■ What the task asks ■
Extract word for word the lines of the listing from its start to the line holding "#21=DIRECTION('',(0.,0.,-1.));", both ends kept; pictures are not part of the copy.

++++

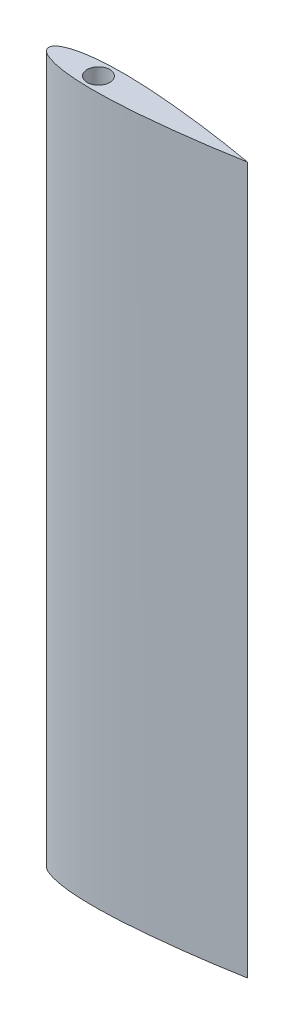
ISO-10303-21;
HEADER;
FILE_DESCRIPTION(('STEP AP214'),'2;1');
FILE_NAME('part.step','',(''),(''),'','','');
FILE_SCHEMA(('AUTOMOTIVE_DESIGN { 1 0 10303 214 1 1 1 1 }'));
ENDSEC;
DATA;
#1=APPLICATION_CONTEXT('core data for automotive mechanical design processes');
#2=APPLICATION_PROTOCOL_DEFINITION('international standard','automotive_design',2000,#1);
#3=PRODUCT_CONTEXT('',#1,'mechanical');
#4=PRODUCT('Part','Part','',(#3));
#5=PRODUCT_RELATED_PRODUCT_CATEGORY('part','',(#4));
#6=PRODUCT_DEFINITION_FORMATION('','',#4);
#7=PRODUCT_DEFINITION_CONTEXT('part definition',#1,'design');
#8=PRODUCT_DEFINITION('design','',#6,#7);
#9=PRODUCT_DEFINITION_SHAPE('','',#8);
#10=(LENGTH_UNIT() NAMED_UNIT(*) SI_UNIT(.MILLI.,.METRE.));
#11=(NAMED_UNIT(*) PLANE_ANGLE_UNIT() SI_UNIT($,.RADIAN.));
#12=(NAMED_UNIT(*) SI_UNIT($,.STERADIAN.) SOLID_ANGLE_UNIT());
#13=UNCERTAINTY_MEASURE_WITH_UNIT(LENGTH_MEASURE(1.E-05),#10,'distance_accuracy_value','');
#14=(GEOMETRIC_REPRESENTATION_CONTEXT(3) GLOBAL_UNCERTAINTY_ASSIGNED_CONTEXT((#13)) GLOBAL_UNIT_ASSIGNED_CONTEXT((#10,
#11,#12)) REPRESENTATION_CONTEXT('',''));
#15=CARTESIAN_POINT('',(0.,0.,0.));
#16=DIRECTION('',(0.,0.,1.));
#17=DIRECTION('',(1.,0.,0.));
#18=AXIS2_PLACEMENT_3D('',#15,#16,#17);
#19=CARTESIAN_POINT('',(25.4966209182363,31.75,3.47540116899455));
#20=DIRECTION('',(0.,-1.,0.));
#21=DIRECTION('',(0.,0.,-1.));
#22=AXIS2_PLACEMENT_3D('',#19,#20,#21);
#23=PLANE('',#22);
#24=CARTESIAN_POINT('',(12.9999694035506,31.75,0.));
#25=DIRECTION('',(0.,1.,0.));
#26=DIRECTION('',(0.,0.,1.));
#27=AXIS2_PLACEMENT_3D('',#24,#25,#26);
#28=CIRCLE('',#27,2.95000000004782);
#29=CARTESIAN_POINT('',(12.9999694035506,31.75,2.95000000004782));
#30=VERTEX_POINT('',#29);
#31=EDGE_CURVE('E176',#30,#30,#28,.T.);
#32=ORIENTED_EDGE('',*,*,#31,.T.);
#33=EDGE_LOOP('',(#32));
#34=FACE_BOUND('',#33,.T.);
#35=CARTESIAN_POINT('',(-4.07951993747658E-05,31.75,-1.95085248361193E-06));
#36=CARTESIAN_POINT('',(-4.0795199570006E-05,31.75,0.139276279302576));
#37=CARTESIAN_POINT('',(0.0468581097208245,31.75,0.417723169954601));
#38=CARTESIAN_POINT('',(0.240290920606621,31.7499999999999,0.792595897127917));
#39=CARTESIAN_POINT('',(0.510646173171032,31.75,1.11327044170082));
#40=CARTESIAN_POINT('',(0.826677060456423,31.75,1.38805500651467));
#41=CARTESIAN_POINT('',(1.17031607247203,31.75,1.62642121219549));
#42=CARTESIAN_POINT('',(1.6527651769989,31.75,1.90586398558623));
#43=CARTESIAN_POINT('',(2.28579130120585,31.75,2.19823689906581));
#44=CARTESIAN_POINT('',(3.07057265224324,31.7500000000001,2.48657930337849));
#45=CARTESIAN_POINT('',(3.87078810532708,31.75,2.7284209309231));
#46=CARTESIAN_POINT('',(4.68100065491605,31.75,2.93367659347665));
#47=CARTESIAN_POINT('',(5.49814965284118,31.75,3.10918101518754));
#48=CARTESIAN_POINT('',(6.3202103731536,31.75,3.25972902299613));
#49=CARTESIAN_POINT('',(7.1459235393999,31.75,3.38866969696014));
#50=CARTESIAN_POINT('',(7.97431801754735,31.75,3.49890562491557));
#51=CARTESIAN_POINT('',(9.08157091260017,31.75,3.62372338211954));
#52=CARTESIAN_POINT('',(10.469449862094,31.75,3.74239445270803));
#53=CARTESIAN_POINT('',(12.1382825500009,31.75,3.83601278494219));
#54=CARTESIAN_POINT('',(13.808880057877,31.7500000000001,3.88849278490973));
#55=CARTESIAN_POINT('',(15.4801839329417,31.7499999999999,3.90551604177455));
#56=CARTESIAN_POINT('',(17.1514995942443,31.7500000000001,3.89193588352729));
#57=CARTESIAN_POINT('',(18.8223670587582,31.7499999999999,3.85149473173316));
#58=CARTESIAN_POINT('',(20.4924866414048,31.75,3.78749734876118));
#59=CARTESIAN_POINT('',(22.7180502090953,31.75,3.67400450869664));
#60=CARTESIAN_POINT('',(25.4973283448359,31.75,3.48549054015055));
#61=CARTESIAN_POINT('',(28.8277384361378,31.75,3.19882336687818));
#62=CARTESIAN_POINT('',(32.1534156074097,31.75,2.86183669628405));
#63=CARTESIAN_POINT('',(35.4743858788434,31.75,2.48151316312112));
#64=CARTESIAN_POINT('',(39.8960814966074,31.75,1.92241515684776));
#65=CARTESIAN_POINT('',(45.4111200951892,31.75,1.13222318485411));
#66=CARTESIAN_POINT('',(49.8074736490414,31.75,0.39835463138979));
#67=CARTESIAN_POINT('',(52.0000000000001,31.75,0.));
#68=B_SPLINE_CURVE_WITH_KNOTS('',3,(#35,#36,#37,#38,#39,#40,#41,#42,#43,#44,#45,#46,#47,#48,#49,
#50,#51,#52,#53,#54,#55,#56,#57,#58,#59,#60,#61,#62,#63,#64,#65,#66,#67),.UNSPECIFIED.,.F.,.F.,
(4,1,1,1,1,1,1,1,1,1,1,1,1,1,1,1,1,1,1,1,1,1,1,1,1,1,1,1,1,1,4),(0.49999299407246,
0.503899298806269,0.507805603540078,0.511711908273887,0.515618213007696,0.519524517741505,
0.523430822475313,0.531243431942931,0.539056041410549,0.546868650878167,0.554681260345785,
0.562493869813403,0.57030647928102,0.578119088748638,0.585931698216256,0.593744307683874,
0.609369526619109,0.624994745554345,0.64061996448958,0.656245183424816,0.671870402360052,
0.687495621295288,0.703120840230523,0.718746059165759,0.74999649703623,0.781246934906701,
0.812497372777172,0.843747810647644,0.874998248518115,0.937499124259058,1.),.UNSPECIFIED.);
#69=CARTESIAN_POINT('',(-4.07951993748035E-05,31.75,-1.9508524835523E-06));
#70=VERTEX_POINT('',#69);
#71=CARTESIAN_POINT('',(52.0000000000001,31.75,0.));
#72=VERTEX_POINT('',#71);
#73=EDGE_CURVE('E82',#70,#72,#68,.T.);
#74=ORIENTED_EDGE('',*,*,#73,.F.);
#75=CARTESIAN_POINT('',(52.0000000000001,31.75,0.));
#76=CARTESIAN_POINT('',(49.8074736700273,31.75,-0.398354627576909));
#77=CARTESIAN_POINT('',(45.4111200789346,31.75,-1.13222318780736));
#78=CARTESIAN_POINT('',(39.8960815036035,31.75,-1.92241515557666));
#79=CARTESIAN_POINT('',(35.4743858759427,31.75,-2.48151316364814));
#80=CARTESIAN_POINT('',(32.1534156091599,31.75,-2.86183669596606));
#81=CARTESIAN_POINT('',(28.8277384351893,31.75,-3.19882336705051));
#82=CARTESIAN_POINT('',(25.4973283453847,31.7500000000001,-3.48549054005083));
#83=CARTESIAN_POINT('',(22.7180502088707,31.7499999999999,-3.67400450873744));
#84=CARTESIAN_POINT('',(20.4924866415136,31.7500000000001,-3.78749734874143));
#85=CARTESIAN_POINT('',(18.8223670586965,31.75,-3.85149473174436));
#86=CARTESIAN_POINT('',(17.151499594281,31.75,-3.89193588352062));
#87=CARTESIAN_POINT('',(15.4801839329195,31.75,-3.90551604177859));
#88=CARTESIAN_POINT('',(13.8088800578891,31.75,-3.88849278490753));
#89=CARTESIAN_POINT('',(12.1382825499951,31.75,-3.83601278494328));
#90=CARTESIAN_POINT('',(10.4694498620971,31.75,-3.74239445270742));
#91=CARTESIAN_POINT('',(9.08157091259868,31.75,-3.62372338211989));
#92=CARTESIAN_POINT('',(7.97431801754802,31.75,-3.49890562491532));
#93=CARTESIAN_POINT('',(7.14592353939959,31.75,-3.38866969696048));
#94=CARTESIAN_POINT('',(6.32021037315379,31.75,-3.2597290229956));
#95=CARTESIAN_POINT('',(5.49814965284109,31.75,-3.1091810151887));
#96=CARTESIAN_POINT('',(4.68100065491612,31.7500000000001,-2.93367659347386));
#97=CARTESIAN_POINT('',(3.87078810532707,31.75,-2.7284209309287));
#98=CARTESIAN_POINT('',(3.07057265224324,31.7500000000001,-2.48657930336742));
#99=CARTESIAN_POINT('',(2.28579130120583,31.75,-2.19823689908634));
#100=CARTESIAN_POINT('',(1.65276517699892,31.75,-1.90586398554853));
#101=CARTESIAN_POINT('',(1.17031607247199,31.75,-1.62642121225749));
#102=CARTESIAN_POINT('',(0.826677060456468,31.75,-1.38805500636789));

++++

■ Answer area ■
ISO-10303-21;
HEADER;
FILE_DESCRIPTION(('STEP AP214'),'2;1');
FILE_NAME('part.step','',(''),(''),'','','');
FILE_SCHEMA(('AUTOMOTIVE_DESIGN { 1 0 10303 214 1 1 1 1 }'));
ENDSEC;
DATA;
#1=APPLICATION_CONTEXT('core data for automotive mechanical design processes');
#2=APPLICATION_PROTOCOL_DEFINITION('international standard','automotive_design',2000,#1);
#3=PRODUCT_CONTEXT('',#1,'mechanical');
#4=PRODUCT('Part','Part','',(#3));
#5=PRODUCT_RELATED_PRODUCT_CATEGORY('part','',(#4));
#6=PRODUCT_DEFINITION_FORMATION('','',#4);
#7=PRODUCT_DEFINITION_CONTEXT('part definition',#1,'design');
#8=PRODUCT_DEFINITION('design','',#6,#7);
#9=PRODUCT_DEFINITION_SHAPE('','',#8);
#10=(LENGTH_UNIT() NAMED_UNIT(*) SI_UNIT(.MILLI.,.METRE.));
#11=(NAMED_UNIT(*) PLANE_ANGLE_UNIT() SI_UNIT($,.RADIAN.));
#12=(NAMED_UNIT(*) SI_UNIT($,.STERADIAN.) SOLID_ANGLE_UNIT());
#13=UNCERTAINTY_MEASURE_WITH_UNIT(LENGTH_MEASURE(1.E-05),#10,'distance_accuracy_value','');
#14=(GEOMETRIC_REPRESENTATION_CONTEXT(3) GLOBAL_UNCERTAINTY_ASSIGNED_CONTEXT((#13)) GLOBAL_UNIT_ASSIGNED_CONTEXT((#10,
#11,#12)) REPRESENTATION_CONTEXT('',''));
#15=CARTESIAN_POINT('',(0.,0.,0.));
#16=DIRECTION('',(0.,0.,1.));
#17=DIRECTION('',(1.,0.,0.));
#18=AXIS2_PLACEMENT_3D('',#15,#16,#17);
#19=CARTESIAN_POINT('',(25.4966209182363,31.75,3.47540116899455));
#20=DIRECTION('',(0.,-1.,0.));
#21=DIRECTION('',(0.,0.,-1.));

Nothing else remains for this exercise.